Who went up in a chariot of fire;
Safe now in the promised land.”
And the chorus,—
“By and by we’ll go home to meet him,”
would peal forth again in loud-shouting strains. I hushed my breath to hear the mellow strains of that song, and seemed to see the mantle of our lost cause descending.
It was about this time that a letter came from my father, saying one of the soldier brothers was at home on a twenty-one days’ furlough. This was the first’ home-coming since the commencement of hostilities in 1861. My presence was again desired at home, to meet with the long-absent brother. But by some irregularity of the mail, it so happened that my letter had been delayed, and I saw by the postscript and date that my brother would be leaving for the front again before I could possibly reach my father’s house. Yet a great yearning came over me, on reading his kindly letter, to see my father again. Soon I was homeward bound once more, disappointed and pained at not being in time to see my brother. I gave little heed to the landscape spread out as the train swept onward; but my heart gave a glad bound when the waters of the Chattahoochee river, sparkling in the bright sunlight, greeted my eyes, for now I should soon be at my father’s house.
Here and in all the surrounding neighborhood, as far as I could see, the same vigorous efforts were put forth to feed and clothe the soldiers of our Confederacy, as well as the home ones, that I had witnessed in southern Alabama. There was the same self-sacrifice, without a thought of murmuring for the luxuries enjoyed before the war. Yet with the nicest economy, and the most studied husbandry,—however generously the earth might yield of grain, fruits, and vegetables,—the South was awakening to the painful reality that the produce grown on our narrowing space of Confederate soil was inadequate for the sustenance of those at home, our soldiers, and the Northern soldiers whom we held as prisoners. We were not only encompassed by land and water, but the Confederacy was divided in twain by the gunboats of the Federals on the Mississippi River. With nearly all the soldiers from west of the Mississippi River in the eastern half of our Confederacy, we had no communication whatever from beyond the great “Father of Waters.” All aid and succor as regarded provisions and clothes for our army was at an end from beyond the Mississippi. We were caged up like a besieged city. There was neither egress nor ingress for men or means. Our soldiers from the west had to share what little provisions were grown in our circumscribed limit. They also shared what clothing could be manufactured in the more and more straitened condition of the South.

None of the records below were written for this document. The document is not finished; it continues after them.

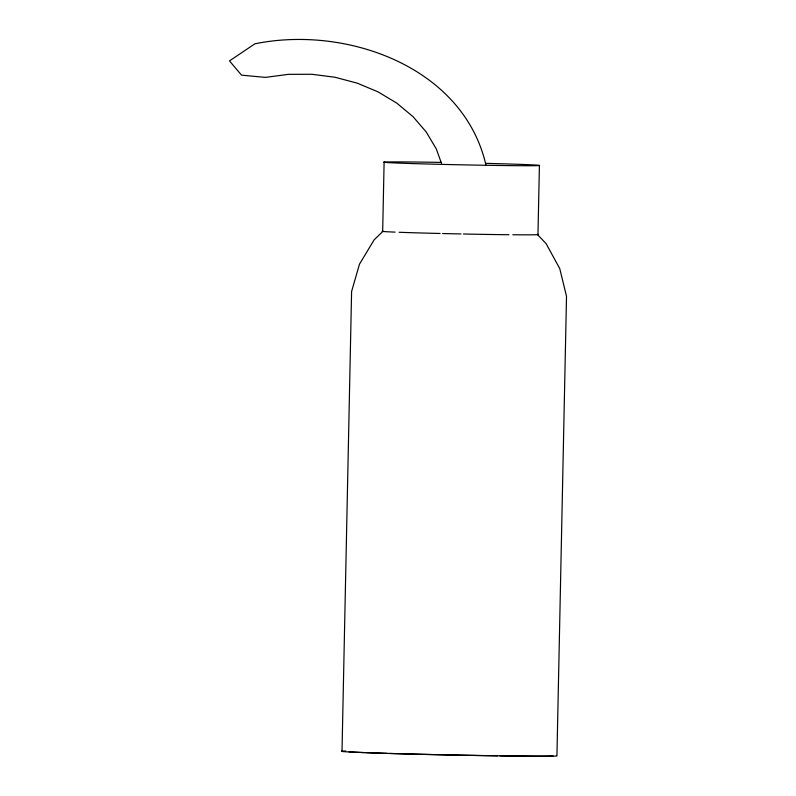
<?xml version="1.0" encoding="UTF-8"?>
<svg xmlns="http://www.w3.org/2000/svg" width="796" height="796" viewBox="0 0 796 796"><rect width="100%" height="100%" fill="white"/><g stroke="black" fill="none" stroke-linecap="round" stroke-linejoin="round"><path stroke-width="1.19" d="M342.011 751.155L351.593 291.505L359.484 264.153L374.15 239.815L383.035 231.248M384.11 162.085L382.677 231.188A78.177 1.015 1.2 0 0 395.115 232.124M537.967 234.651L539.409 165.548M497.58 755.772L485.451 755.603A103.49 1.343 1.2 0 1 389.602 753.434M499.997 755.802L529.907 756.12A106.256 1.373 1.2 0 0 553.071 755.971M365.792 752.618L382.836 753.215A103.49 1.343 1.2 0 0 387.284 753.354M352.17 752.001L364.578 752.578M537.608 234.701L546.126 243.646L559.757 268.63L566.513 296.301L556.931 755.951A108.206 1.403 1.2 0 1 427.79 754.479A108.206 1.403 1.2 0 1 345.782 750.996M441.571 163.548L436.288 148.922L426.248 131.997L412.945 116.584L396.716 103.082L377.981 91.838L357.225 83.152L335.007 77.252L311.883 74.287L288.46 74.336L265.366 77.391L241.526 75.152L229.487 60.894L254.879 43.83C345.564 25.134 463.113 66.337 485.888 164.812M485.679 163.349A78.177 1.015 1.2 0 1 524.285 165.727A78.177 1.015 1.2 0 1 397.015 163.031A78.177 1.015 1.2 0 1 441.531 162.414M537.638 234.382A78.177 1.015 1.2 0 1 512.803 234.76M508.923 234.73A78.177 1.015 1.2 0 1 463.431 233.994M461.013 233.944A78.177 1.015 1.2 0 1 442.596 233.536M440.098 233.477A78.177 1.015 1.2 0 1 399.114 232.273M352.18 752.001A106.256 1.373 1.2 0 1 349.066 751.802"/></g></svg>
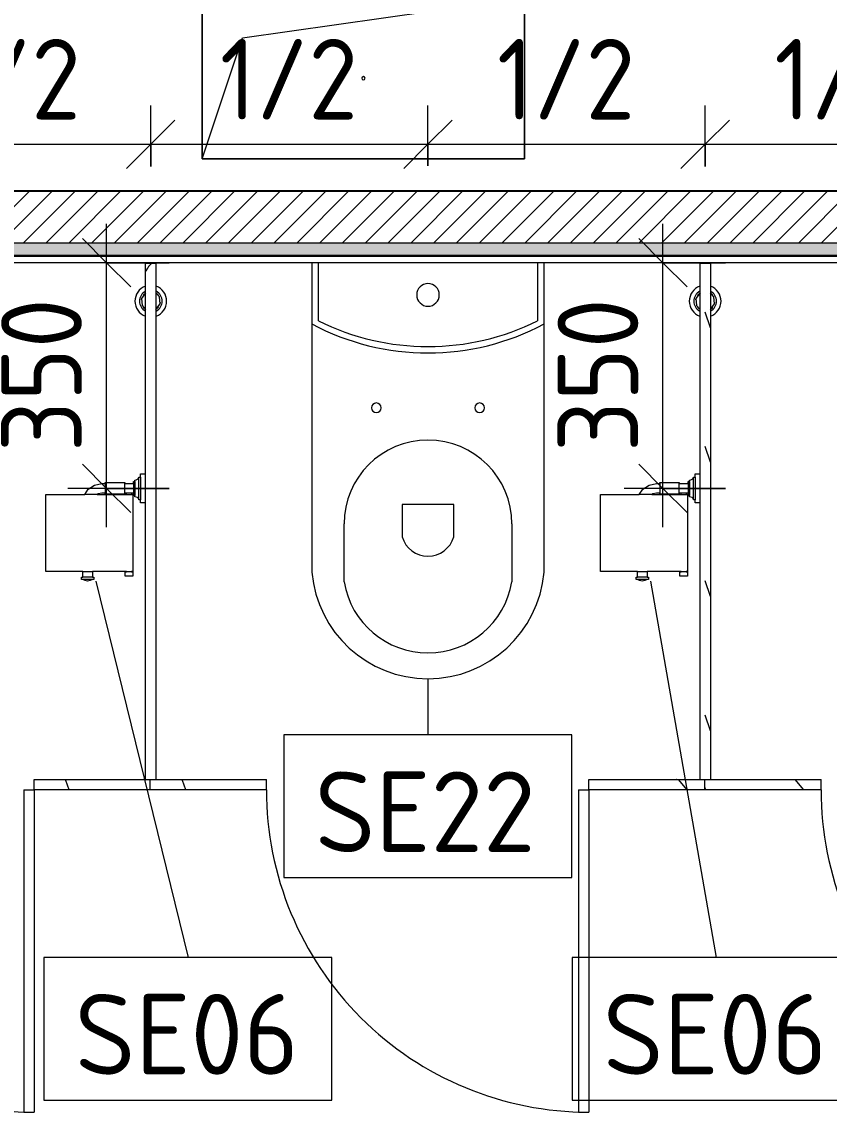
# Model space of a CAD drawing. Header units: millimetres. Extents: x 63482 to 319368, y -8553 to 29000.
# Drawn here: x 300665 to 301917, y 8652 to 10342 of the extents above; entities that cross this region are included whole.
import ezdxf

# ---------------------------------------------------------------- set-up
doc = ezdxf.new("R2010")
doc.units = ezdxf.units.MM
for name, color, linetype, lineweight in [('A-ANNO-DIMS', 7, 'Continuous', 9), ('A-ANNO-DIMS-50', 7, 'Continuous', 9), ('A-DOOR', 7, 'Continuous', 9), ('A-GENM', 7, 'Continuous', 9), ('A-WALL', 7, 'Continuous', 9), ('I-WALL', 7, 'Continuous', 9), ('P-SANR-FIXT-IDEN', 7, 'Continuous', 9)]:
    doc.layers.add(name, color=color, linetype=linetype, lineweight=lineweight)
for name, color, linetype, lineweight, true_color in [('A-DETL-GENF-1', 7, 'Continuous', 9, 0x4994b4), ('A-WALL-1', 7, 'Continuous', 25, 0x3c3c3c), ('A-WALL-FNSH-1', 7, 'Continuous', 15, 0x3c3c3c), ('P-SANR-FIXT-1', 7, 'Continuous', 15, 0x4994b4)]:
    doc.layers.add(name, color=color, linetype=linetype, lineweight=lineweight, true_color=true_color)
doc.styles.add('GOST Common', font='GOST_Common.ttf', dxfattribs={"height": 125})
doc.styles.add('ISOCPEUR', font='isocpeur.ttf', dxfattribs={"width": 0.9, "height": 125})
doc.dimstyles.new('ISO-2_5_0_9К_БОЛЬШОЙ', dxfattribs={"dimscale": 304.8, "dimtxt": 124.497647, "dimasz": 0.246063, "dimexe": 0.19685, "dimexo": 0.492126, "dimgap": 0, "dimtad": 1, "dimdec": 0, "dimrnd": 10, "dimzin": 0, "dimdsep": 46, "dimtxsty": 'ISOCPEUR', "dimblk1": 'OBLIQUE', "dimblk2": 'OBLIQUE', "dimsah": 1, "dimcen": 0.09, "dimdle": 0.19685, "dimazin": 0, "dimtfac": 1, "dimtdec": 4, "dimtix": 1, "dimtmove": 0, "dimatfit": 3, "dimfxl": 1, "dimtvp": 1, "dimtolj": 1, "dimtzin": 0, "dimarcsym": 2})
pattern_1 = [(288.435, (96055.355, 9160), (208.250902, -416.49961), [79.025, -579.519]), (319.399, (96080.345, 9085.03), (1249.5049425, -1041.2430683), [38.399, -1881.571]), (316.848, (95901.25, 9060.04), (3123.769422, -2915.4788923), [91.346, -4475.934]), (289.983, (95967.89, 8997.565), (624.746965, -1666.001328), [48.75, -2388.754]), (270, (95984.55, 9160), (208.25, -208.25), [41.65, -166.6]), (298.443, (95984.55, 9118.35), (-1457.75313005, 2707.24838793), [113.682, -5570.435]), (264.289, (96038.695, 9018.39), (208.2636477, 1874.2483835), [41.858, -2051.029]), (309.806, (96034.53, 8976.74), (-833.007541, 1041.2439595), [32.53, -1593.955])]
pattern_2 = [(288.435, (96915.355, 9160), (208.250902, -416.49961), [79.025, -579.519]), (319.399, (96940.345, 9085.03), (1249.5049425, -1041.2430683), [38.399, -1881.571]), (316.848, (96761.25, 9060.04), (3123.769422, -2915.4788923), [91.346, -4475.934]), (289.983, (96827.89, 8997.565), (624.746965, -1666.001328), [48.75, -2388.754]), (270, (96844.55, 9160), (208.25, -208.25), [41.65, -166.6]), (298.443, (96844.55, 9118.35), (-1457.75313005, 2707.24838793), [113.682, -5570.435]), (264.289, (96898.695, 9018.39), (208.2636477, 1874.2483835), [41.858, -2051.029]), (309.806, (96894.53, 8976.74), (-833.007541, 1041.2439595), [32.53, -1593.955])]
pattern_3 = [(288.435, (97775.355, 9160), (208.250902, -416.49961), [79.025, -579.519]), (319.399, (97800.345, 9085.03), (1249.5049425, -1041.2430683), [38.399, -1881.571]), (316.848, (97621.25, 9060.04), (3123.769422, -2915.4788923), [91.346, -4475.934]), (289.983, (97687.89, 8997.565), (624.746965, -1666.001328), [48.75, -2388.754]), (270, (97704.55, 9160), (208.25, -208.25), [41.65, -166.6]), (298.443, (97704.55, 9118.35), (-1457.75313005, 2707.24838793), [113.682, -5570.435]), (264.289, (97758.695, 9018.39), (208.2636477, 1874.2483835), [41.858, -2051.029]), (309.806, (97754.53, 8976.74), (-833.007541, 1041.2439595), [32.53, -1593.955])]

# ---------------------------------------------------------------- blocks, each defined once
blk = doc.blocks.new('GM_Отверстие прямоугольное _в плите_ - Отверстие-V334-Фрагмент 3_2')
at = {"layer": 'A-GENM'}
for p, q in [((-250, -125), (-250, 125)), ((-250, 125), (-250, -125)), ((-187.5, 62.5), (250, 125)), ((250, 125), (250, -125)), ((250, -125), (250, 125)), ((-250, -125), (-187.5, 62.5)), ((250, -125), (-250, -125)), ((-250, -125), (250, -125))]:
    blk.add_line(p, q, dxfattribs=at)
for start, end in [(360, 180), (180, 360)]:
    blk.add_arc((0, 0), 2.5, start, end, dxfattribs=at)
blk = doc.blocks.new('FP_344-Фрагмент 3_2')
at = {"layer": 'A-GENM'}
blk.add_line((0, 8), (0, -8), dxfattribs=at)
blk = doc.blocks.new('131_Сантехническая перегородка 6 - СП-1-30839354-Фрагмент 3_2')
at = {"layer": 'A-GENM'}
h = blk.add_hatch(dxfattribs=at)
h.set_pattern_fill('FP_146', color=256, style=0, pattern_type=2)
h.set_pattern_definition([(198.435, (9968, -96845.73), (-416.49961, -208.250902), [79.025, -579.519]), (229.399, (9893.03, -96870.72), (-1041.2430683, -1249.5049425), [38.399, -1881.571]), (226.848, (9868.04, -96691.625), (-2915.4788923, -3123.769422), [91.346, -4475.934]), (199.983, (9805.565, -96758.265), (-1666.001328, -624.746965), [48.75, -2388.754]), (180, (9968, -96774.93), (-208.25, -208.25), [41.65, -166.6]), (208.443, (9926.35, -96774.925), (2707.24838793, 1457.75313005), [113.682, -5570.435]), (174.289, (9826.39, -96829.07), (1874.2483835, -208.2636477), [41.858, -2051.029]), (219.806, (9784.74, -96824.905), (1041.2439595, 833.007541), [32.53, -1593.955])])
h.paths.add_polyline_path([(800, -8), (800, 8), (50, 8), (50, -8), (613.2, -8)])
for p, q in [((0, 8), (50, 8)), ((50, 8), (800, 8)), ((50, -8), (0, -8)), ((800, -8), (50, -8))]:
    blk.add_line(p, q, dxfattribs=at)
at = {"layer": 'A-GENM', "flags": 128}
for points in [[(71.5, 8), (62.7, 14.5), (51.9, 13.4), (45.9, 8)], [(45.9, -8), (54.7, -14.5), (65.5, -13.4), (71.5, -8)]]:
    blk.add_lwpolyline(points, dxfattribs=at)
at = {"layer": 'A-GENM'}
for radius, start, end in [(24.6, 19.9113, 160.0887), (17.6, 28.9731, 151.0269), (15.1, 126.8617, 139.5341), (15.1, 78.8699, 82.6459), (15.1, 41.7205, 53.124), (24.6, 199.9113, 340.0887), (17.6, 208.9731, 331.0269), (15.1, 220.4659, 233.124), (15.1, 258.8699, 262.6459), (15.1, 306.8617, 318.2795)]:
    blk.add_arc((58.7, 0), radius, start, end, dxfattribs=at)
blk.add_blockref('FP_344-Фрагмент 3_2', (0, 0), dxfattribs=at)
blk = doc.blocks.new('131_Сантехническая перегородка_Дверь 5 - СД-1-V345-Фрагмент 3_2')
at = {"layer": 'A-DOOR'}
h = blk.add_hatch(dxfattribs=at)
h.set_pattern_fill('FP_149', color=256, style=0, pattern_type=2)
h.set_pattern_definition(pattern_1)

If a soldier from the west drew a furlough he could not get to his home. Those who had relatives or friends east of the Mississippi River would spend their leave of absence with them. Sometimes the soldier from the west would give the furlough he drew to some friend he had made on this side; or perhaps it would be that the soldier of our side of the river would send his comrade of the west to his people and home with a letter of introduction.